Survey shows gap between Americans’ perceived knowledge and actual knowledge
FRIDAY, Jan. 17, 2020 (HealthDay News) — Americans’ lack of knowledge about eye health may put their vision at risk, according to a survey released by the American Academy of Ophthalmology.
A total of 3,512 U.S. adults (≥18 years of age) participated in the survey, conducted by the Harris Poll on behalf of the American Academy of Ophthalmology (Aug. 8 to 27, 2019). The survey assessed gaps in Americans’ knowledge of eye health, particularly of the risk for vision loss.
The researchers found that while 81 percent of adults say they are knowledgeable about eye/vision health, less than one in five (19 percent) were able to correctly identify the three main causes of blindness in the United States (glaucoma, age-related macular degeneration, and diabetic eye disease).

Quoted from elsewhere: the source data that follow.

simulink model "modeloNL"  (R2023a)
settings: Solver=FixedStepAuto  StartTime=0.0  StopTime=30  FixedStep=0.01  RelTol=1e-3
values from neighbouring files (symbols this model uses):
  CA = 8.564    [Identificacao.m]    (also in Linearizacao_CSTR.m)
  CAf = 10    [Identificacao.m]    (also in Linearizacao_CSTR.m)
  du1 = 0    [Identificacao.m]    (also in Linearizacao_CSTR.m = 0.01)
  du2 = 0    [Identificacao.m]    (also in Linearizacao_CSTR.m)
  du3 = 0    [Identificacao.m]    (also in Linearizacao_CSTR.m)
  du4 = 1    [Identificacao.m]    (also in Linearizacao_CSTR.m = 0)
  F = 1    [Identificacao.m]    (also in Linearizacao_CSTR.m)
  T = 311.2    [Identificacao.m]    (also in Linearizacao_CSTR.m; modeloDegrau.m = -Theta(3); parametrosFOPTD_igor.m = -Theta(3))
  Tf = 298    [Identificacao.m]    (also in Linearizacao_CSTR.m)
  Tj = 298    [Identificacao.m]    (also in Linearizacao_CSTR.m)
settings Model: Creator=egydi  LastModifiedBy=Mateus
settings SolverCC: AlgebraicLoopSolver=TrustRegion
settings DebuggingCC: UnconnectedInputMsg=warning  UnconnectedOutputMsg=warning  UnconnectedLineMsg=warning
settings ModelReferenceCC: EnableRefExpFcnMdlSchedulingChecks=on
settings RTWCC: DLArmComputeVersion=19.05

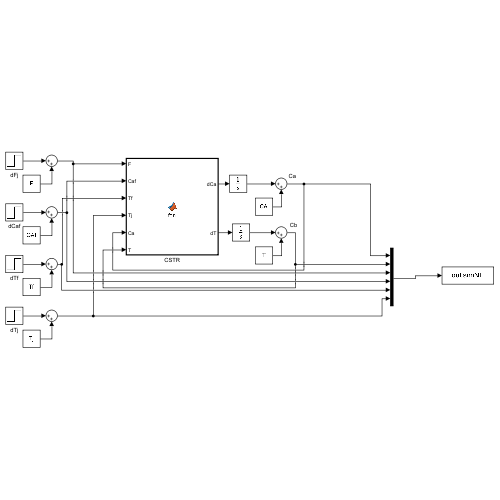
[thumbnail: Simulink's stored preview of the top-level diagram]
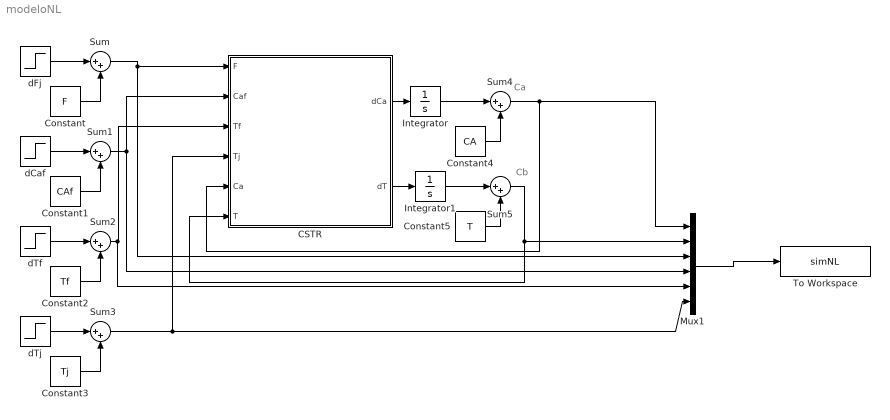
== system modeloNL ==
  note: Cb
  note: Ca
  CSTR : MATLAB Function  TreatAsAtomicUnit=on
  Constant : Constant  Value=F
  Constant1 : Constant  Value=CAf
  Constant2 : Constant  Value=Tf
  Constant3 : Constant  Value=Tj
  Constant4 : Constant  Value=CA
  Constant5 : Constant  Value=T
  Integrator : Integrator
  Integrator1 : Integrator
  Mux1 : Mux  Inputs=6
  Sum{,1..5} (6 alike) : Sum  Inputs=|++
  To Workspace : ToWorkspace  VariableName=simNL  SaveFormat=Structure With Time  SampleTime=-1
  dCaf : Step  Time=0  After=du2  SampleTime=0
  dFj : Step  Time=0  After=du1  SampleTime=0
  dTf : Step  Time=0  After=du3  SampleTime=0
  dTj : Step  Time=0  After=du4  SampleTime=0
  wires:
  CSTR/2(dT) -> Integrator1/1
  Sum5/1 -> Mux1/2, CSTR/6(T)
  Sum1/1 -> Mux1/4, CSTR/2(Caf)
  dFj/1 -> Sum/1
  Constant/1 -> Sum/2
  dCaf/1 -> Sum1/1
  Constant1/1 -> Sum1/2
  CSTR/1(dCa) -> Integrator/1
  Integrator/1 -> Sum4/1
  Integrator1/1 -> Sum5/1
  Constant4/1 -> Sum4/2
  Constant5/1 -> Sum5/2
  Mux1/1 -> To Workspace/1
  Sum/1 -> Mux1/3, CSTR/1(F)
  dTf/1 -> Sum2/1
  Constant3/1 -> Sum3/2
  Constant2/1 -> Sum2/2
  dTj/1 -> Sum3/1
  Sum2/1 -> Mux1/5, CSTR/3(Tf)
  Sum3/1 -> CSTR/4(Tj), Mux1/6
  Sum4/1 -> Mux1/1, CSTR/5(Ca)

== matlab function modeloNL/CSTR ==
  data: F input; Caf input; Tf input; Tj input; dCa output; Ca input; dT output; T input
function [dCa, dT] = fcn(F, Caf, Tf, Tj, Ca, T)

V = 1; %m^3    
dE = 11843;
rhocp = 500;
R = 1.987;

% variaveis
k0 = 9703*3600;
dH = -5960;
UA = 150;

ks = k0*exp(-dE/(R*T));

dCa = (F/V) * (Caf - Ca) - ks * Ca;
dT = (F/V) * (Tf - T) + (-dH/rhocp)*ks*Ca - (UA/(V*rhocp))*(T-Tj);

Less than half (47 percent) of respondents were aware of the unequal distribution of vision loss and blindness. Only one-third of adults (37 percent) reported knowing that symptoms do not always predate vision loss from eye diseases. Furthermore, although the majority of adults (57 percent) were aware that vision loss in adults increases the risk for injury or death, only one in four knew that vision loss in adults is associated with psychological problems, including social isolation and depression. Less than half of the respondents (47 percent) were aware that brain adaptation can make it difficult to recognize vision loss.
“Far too often, we witness the consequences of patients entering the ophthalmologist’s office too late to avoid severe vision loss,” Anne L. Coleman, M.D., Ph.D., president of the American Academy of Ophthalmology, said in a statement. “We want all Americans to have clear vision when it comes to eye health. That starts with educating yourself about eye diseases and visiting an ophthalmologist.”